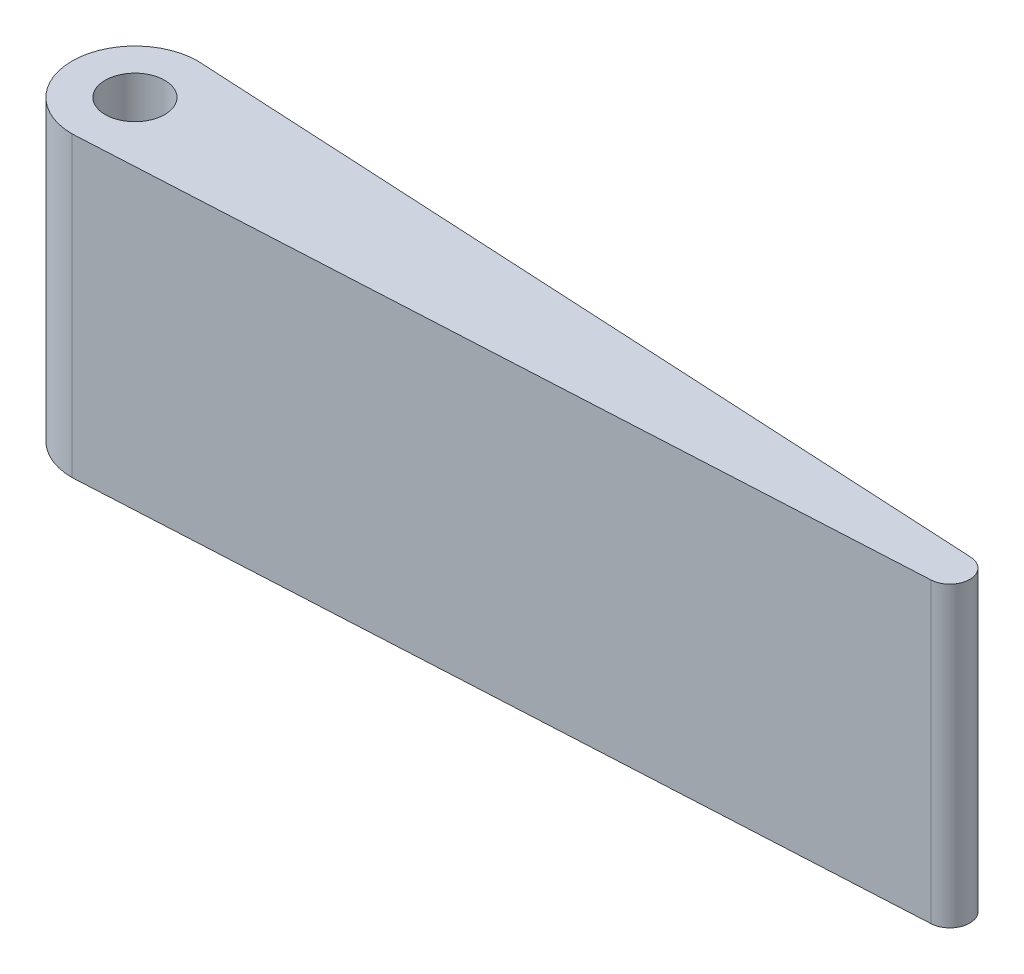
ISO-10303-21;
HEADER;
FILE_DESCRIPTION(('STEP AP214'),'2;1');
FILE_NAME('part.step','',(''),(''),'','','');
FILE_SCHEMA(('AUTOMOTIVE_DESIGN { 1 0 10303 214 1 1 1 1 }'));
ENDSEC;
DATA;
#1=APPLICATION_CONTEXT('core data for automotive mechanical design processes');
#2=APPLICATION_PROTOCOL_DEFINITION('international standard','automotive_design',2000,#1);
#3=PRODUCT_CONTEXT('',#1,'mechanical');
#4=PRODUCT('Part','Part','',(#3));
#5=PRODUCT_RELATED_PRODUCT_CATEGORY('part','',(#4));
#6=PRODUCT_DEFINITION_FORMATION('','',#4);
#7=PRODUCT_DEFINITION_CONTEXT('part definition',#1,'design');
#8=PRODUCT_DEFINITION('design','',#6,#7);
#9=PRODUCT_DEFINITION_SHAPE('','',#8);
#10=(LENGTH_UNIT() NAMED_UNIT(*) SI_UNIT(.MILLI.,.METRE.));
#11=(NAMED_UNIT(*) PLANE_ANGLE_UNIT() SI_UNIT($,.RADIAN.));
#12=(NAMED_UNIT(*) SI_UNIT($,.STERADIAN.) SOLID_ANGLE_UNIT());
#13=UNCERTAINTY_MEASURE_WITH_UNIT(LENGTH_MEASURE(1.E-05),#10,'distance_accuracy_value','');
#14=(GEOMETRIC_REPRESENTATION_CONTEXT(3) GLOBAL_UNCERTAINTY_ASSIGNED_CONTEXT((#13)) GLOBAL_UNIT_ASSIGNED_CONTEXT((#10,
#11,#12)) REPRESENTATION_CONTEXT('',''));
#15=CARTESIAN_POINT('',(0.,0.,0.));
#16=DIRECTION('',(0.,0.,1.));
#17=DIRECTION('',(1.,0.,0.));
#18=AXIS2_PLACEMENT_3D('',#15,#16,#17);
#19=CARTESIAN_POINT('',(0.,30.,0.));
#20=DIRECTION('',(0.,1.,0.));
#21=DIRECTION('',(0.,0.,1.));
#22=AXIS2_PLACEMENT_3D('',#19,#20,#21);
#23=PLANE('',#22);
#24=DIRECTION('',(0.998603825363666,0.,-0.052824236568573));
#25=VECTOR('',#24,1.);
#26=CARTESIAN_POINT('',(120.,30.,0.));
#27=LINE('',#26,#25);
#28=CARTESIAN_POINT('',(0.0162098052131259,30.,6.34691351731533));
#29=VERTEX_POINT('',#28);
#30=CARTESIAN_POINT('',(82.2391398476669,30.,1.99747743705391));
#31=VERTEX_POINT('',#30);
#32=EDGE_CURVE('E97',#29,#31,#27,.T.);
#33=ORIENTED_EDGE('',*,*,#32,.T.);
#34=CARTESIAN_POINT('',(82.1334913745297,30.,0.000269786326582196));
#35=DIRECTION('',(0.,1.,0.));
#36=DIRECTION('',(0.,0.,1.));
#37=AXIS2_PLACEMENT_3D('',#34,#35,#36);
#38=CIRCLE('',#37,2.);
#39=CARTESIAN_POINT('',(82.2391113887707,30.,-1.99693936961872));
#40=VERTEX_POINT('',#39);
#41=EDGE_CURVE('E11',#31,#40,#38,.T.);
#42=ORIENTED_EDGE('',*,*,#41,.T.);
#43=DIRECTION('',(-0.99860457797265,0.,-0.0528100071204905));
#44=VECTOR('',#43,1.);
#45=CARTESIAN_POINT('',(120.,30.,0.));
#46=LINE('',#45,#44);
#47=CARTESIAN_POINT('',(-0.016209805213125,30.,-6.34691351731533));
#48=VERTEX_POINT('',#47);
#49=EDGE_CURVE('E86',#40,#48,#46,.T.);
#50=ORIENTED_EDGE('',*,*,#49,.T.);
#51=CARTESIAN_POINT('',(0.,30.,0.));
#52=DIRECTION('',(0.,1.,0.));
#53=DIRECTION('',(0.,0.,1.));
#54=AXIS2_PLACEMENT_3D('',#51,#52,#53);
#55=CIRCLE('',#54,6.34693421693223);
#56=EDGE_CURVE('E90',#48,#29,#55,.T.);
#57=ORIENTED_EDGE('',*,*,#56,.T.);
#58=EDGE_LOOP('',(#33,#42,#50,#57));
#59=FACE_BOUND('',#58,.T.);
#60=CARTESIAN_POINT('',(0.,30.,0.));
#61=DIRECTION('',(0.,1.,0.));
#62=DIRECTION('',(0.,0.,1.));
#63=AXIS2_PLACEMENT_3D('',#60,#61,#62);
#64=CIRCLE('',#63,3.);
#65=CARTESIAN_POINT('',(0.,30.,3.));
#66=VERTEX_POINT('',#65);
#67=EDGE_CURVE('E120',#66,#66,#64,.T.);
#68=ORIENTED_EDGE('',*,*,#67,.F.);
#69=EDGE_LOOP('',(#68));
#70=FACE_BOUND('',#69,.T.);
#71=ADVANCED_FACE('F45',(#59,#70),#23,.T.);
#72=CARTESIAN_POINT('',(0.,0.,0.));
#73=DIRECTION('',(0.,1.,0.));
#74=DIRECTION('',(0.,0.,1.));
#75=AXIS2_PLACEMENT_3D('',#72,#73,#74);
#76=PLANE('',#75);
#77=DIRECTION('',(-0.99860457797265,0.,-0.0528100071204905));
#78=VECTOR('',#77,1.);
#79=CARTESIAN_POINT('',(120.,0.,0.));
#80=LINE('',#79,#78);
#81=CARTESIAN_POINT('',(82.2391113887707,0.,-1.99693936961872));
#82=VERTEX_POINT('',#81);
#83=CARTESIAN_POINT('',(-0.016209805213125,0.,-6.34691351731533));
#84=VERTEX_POINT('',#83);
#85=EDGE_CURVE('E102',#82,#84,#80,.T.);
#86=ORIENTED_EDGE('',*,*,#85,.F.);
#87=CARTESIAN_POINT('',(82.1334913745297,0.,0.000269786326582196));
#88=DIRECTION('',(0.,1.,0.));
#89=DIRECTION('',(0.,0.,1.));
#90=AXIS2_PLACEMENT_3D('',#87,#88,#89);
#91=CIRCLE('',#90,2.);
#92=CARTESIAN_POINT('',(82.2391398476669,0.,1.99747743705391));
#93=VERTEX_POINT('',#92);
#94=EDGE_CURVE('E68',#82,#93,#91,.F.);
#95=ORIENTED_EDGE('',*,*,#94,.T.);
#96=DIRECTION('',(0.998603825363666,0.,-0.052824236568573));
#97=VECTOR('',#96,1.);
#98=CARTESIAN_POINT('',(120.,0.,0.));
#99=LINE('',#98,#97);
#100=CARTESIAN_POINT('',(0.0162098052131259,0.,6.34691351731533));
#101=VERTEX_POINT('',#100);
#102=EDGE_CURVE('E117',#101,#93,#99,.T.);
#103=ORIENTED_EDGE('',*,*,#102,.F.);
#104=CARTESIAN_POINT('',(0.,0.,0.));
#105=DIRECTION('',(0.,1.,0.));
#106=DIRECTION('',(0.,0.,1.));
#107=AXIS2_PLACEMENT_3D('',#104,#105,#106);
#108=CIRCLE('',#107,6.34693421693223);
#109=EDGE_CURVE('E123',#84,#101,#108,.T.);
#110=ORIENTED_EDGE('',*,*,#109,.F.);
#111=EDGE_LOOP('',(#86,#95,#103,#110));
#112=FACE_BOUND('',#111,.T.);
#113=CARTESIAN_POINT('',(0.,0.,0.));
#114=DIRECTION('',(0.,1.,0.));
#115=DIRECTION('',(0.,0.,1.));
#116=AXIS2_PLACEMENT_3D('',#113,#114,#115);
#117=CIRCLE('',#116,3.);
#118=CARTESIAN_POINT('',(0.,0.,3.));
#119=VERTEX_POINT('',#118);
#120=EDGE_CURVE('E136',#119,#119,#117,.T.);
#121=ORIENTED_EDGE('',*,*,#120,.T.);
#122=EDGE_LOOP('',(#121));
#123=FACE_BOUND('',#122,.T.);
#124=ADVANCED_FACE('F131',(#112,#123),#76,.F.);
#125=CARTESIAN_POINT('',(120.,30.,0.));
#126=DIRECTION('',(-0.052824236568573,0.,-0.998603825363666));
#127=DIRECTION('',(-0.998603825363666,0.,0.052824236568573));
#128=AXIS2_PLACEMENT_3D('',#125,#126,#127);
#129=PLANE('',#128);
#130=ORIENTED_EDGE('',*,*,#102,.T.);
#131=DIRECTION('',(0.,-1.,0.));
#132=VECTOR('',#131,1.);
#133=CARTESIAN_POINT('',(82.2391398476668,30.,1.99747743705391));
#134=LINE('',#133,#132);
#135=EDGE_CURVE('E54',#93,#31,#134,.F.);
#136=ORIENTED_EDGE('',*,*,#135,.T.);
#137=ORIENTED_EDGE('',*,*,#32,.F.);
#138=DIRECTION('',(0.,-1.,0.));
#139=VECTOR('',#138,1.);
#140=CARTESIAN_POINT('',(0.0162098052131259,30.,6.34691351731533));
#141=LINE('',#140,#139);
#142=EDGE_CURVE('E107',#29,#101,#141,.T.);
#143=ORIENTED_EDGE('',*,*,#142,.T.);
#144=EDGE_LOOP('',(#130,#136,#137,#143));
#145=FACE_BOUND('',#144,.T.);
#146=ADVANCED_FACE('F133',(#145),#129,.F.);
#147=CARTESIAN_POINT('',(120.,30.,0.));
#148=DIRECTION('',(-0.0528100071204905,0.,0.99860457797265));
#149=DIRECTION('',(0.99860457797265,0.,0.0528100071204905));
#150=AXIS2_PLACEMENT_3D('',#147,#148,#149);
#151=PLANE('',#150);
#152=ORIENTED_EDGE('',*,*,#49,.F.);
#153=DIRECTION('',(0.,-1.,0.));
#154=VECTOR('',#153,1.);
#155=CARTESIAN_POINT('',(82.2391113887707,30.,-1.99693936961872));
#156=LINE('',#155,#154);
#157=EDGE_CURVE('E106',#40,#82,#156,.T.);
#158=ORIENTED_EDGE('',*,*,#157,.T.);
#159=ORIENTED_EDGE('',*,*,#85,.T.);
#160=DIRECTION('',(0.,-1.,0.));
#161=VECTOR('',#160,1.);
#162=CARTESIAN_POINT('',(-0.016209805213125,30.,-6.34691351731533));
#163=LINE('',#162,#161);
#164=EDGE_CURVE('E100',#48,#84,#163,.T.);
#165=ORIENTED_EDGE('',*,*,#164,.F.);
#166=EDGE_LOOP('',(#152,#158,#159,#165));
#167=FACE_BOUND('',#166,.T.);
#168=ADVANCED_FACE('F101',(#167),#151,.F.);
#169=CARTESIAN_POINT('',(0.,30.,0.));
#170=DIRECTION('',(0.,-1.,0.));
#171=DIRECTION('',(0.,0.,-1.));
#172=AXIS2_PLACEMENT_3D('',#169,#170,#171);
#173=CYLINDRICAL_SURFACE('',#172,6.34693421693223);
#174=ORIENTED_EDGE('',*,*,#109,.T.);
#175=ORIENTED_EDGE('',*,*,#142,.F.);
#176=ORIENTED_EDGE('',*,*,#56,.F.);
#177=ORIENTED_EDGE('',*,*,#164,.T.);
#178=EDGE_LOOP('',(#174,#175,#176,#177));
#179=FACE_BOUND('',#178,.T.);
#180=ADVANCED_FACE('F109',(#179),#173,.T.);
#181=CARTESIAN_POINT('',(0.,30.,0.));
#182=DIRECTION('',(0.,-1.,0.));
#183=DIRECTION('',(0.,0.,-1.));
#184=AXIS2_PLACEMENT_3D('',#181,#182,#183);
#185=CYLINDRICAL_SURFACE('',#184,3.);
#186=ORIENTED_EDGE('',*,*,#67,.T.);
#187=EDGE_LOOP('',(#186));
#188=FACE_BOUND('',#187,.T.);
#189=ORIENTED_EDGE('',*,*,#120,.F.);
#190=EDGE_LOOP('',(#189));
#191=FACE_BOUND('',#190,.T.);
#192=ADVANCED_FACE('F144',(#188,#191),#185,.F.);
#193=CARTESIAN_POINT('',(82.1334913745297,30.,0.000269786326582196));
#194=DIRECTION('',(0.,-1.,0.));
#195=DIRECTION('',(0.,0.,-1.));
#196=AXIS2_PLACEMENT_3D('',#193,#194,#195);
#197=CYLINDRICAL_SURFACE('',#196,2.);
#198=ORIENTED_EDGE('',*,*,#41,.F.);
#199=ORIENTED_EDGE('',*,*,#135,.F.);
#200=ORIENTED_EDGE('',*,*,#94,.F.);
#201=ORIENTED_EDGE('',*,*,#157,.F.);
#202=EDGE_LOOP('',(#198,#199,#200,#201));
#203=FACE_BOUND('',#202,.T.);
#204=ADVANCED_FACE('F47',(#203),#197,.T.);
#205=CLOSED_SHELL('',(#71,#124,#146,#168,#180,#192,#204));
#206=MANIFOLD_SOLID_BREP('B2',#205);
#207=ADVANCED_BREP_SHAPE_REPRESENTATION('',(#18,#206),#14);
#208=SHAPE_DEFINITION_REPRESENTATION(#9,#207);
ENDSEC;
END-ISO-10303-21;
☆ ☆ ☆ ☆ ☆
**Exercise:** Of the lines above, retype only those from the line containing "#11=(NAMED_UNIT(*) PLANE_ANGLE_UNIT() SI_UNIT($,.RADIAN.));" through the line containing "#29=VERTEX_POINT('',#28);", including both, exactly.

**Exercise solution:**
#11=(NAMED_UNIT(*) PLANE_ANGLE_UNIT() SI_UNIT($,.RADIAN.));
#12=(NAMED_UNIT(*) SI_UNIT($,.STERADIAN.) SOLID_ANGLE_UNIT());
#13=UNCERTAINTY_MEASURE_WITH_UNIT(LENGTH_MEASURE(1.E-05),#10,'distance_accuracy_value','');
#14=(GEOMETRIC_REPRESENTATION_CONTEXT(3) GLOBAL_UNCERTAINTY_ASSIGNED_CONTEXT((#13)) GLOBAL_UNIT_ASSIGNED_CONTEXT((#10,
#11,#12)) REPRESENTATION_CONTEXT('',''));
#15=CARTESIAN_POINT('',(0.,0.,0.));
#16=DIRECTION('',(0.,0.,1.));
#17=DIRECTION('',(1.,0.,0.));
#18=AXIS2_PLACEMENT_3D('',#15,#16,#17);
#19=CARTESIAN_POINT('',(0.,30.,0.));
#20=DIRECTION('',(0.,1.,0.));
#21=DIRECTION('',(0.,0.,1.));
#22=AXIS2_PLACEMENT_3D('',#19,#20,#21);
#23=PLANE('',#22);
#24=DIRECTION('',(0.998603825363666,0.,-0.052824236568573));
#25=VECTOR('',#24,1.);
#26=CARTESIAN_POINT('',(120.,30.,0.));
#27=LINE('',#26,#25);
#28=CARTESIAN_POINT('',(0.0162098052131259,30.,6.34691351731533));
#29=VERTEX_POINT('',#28);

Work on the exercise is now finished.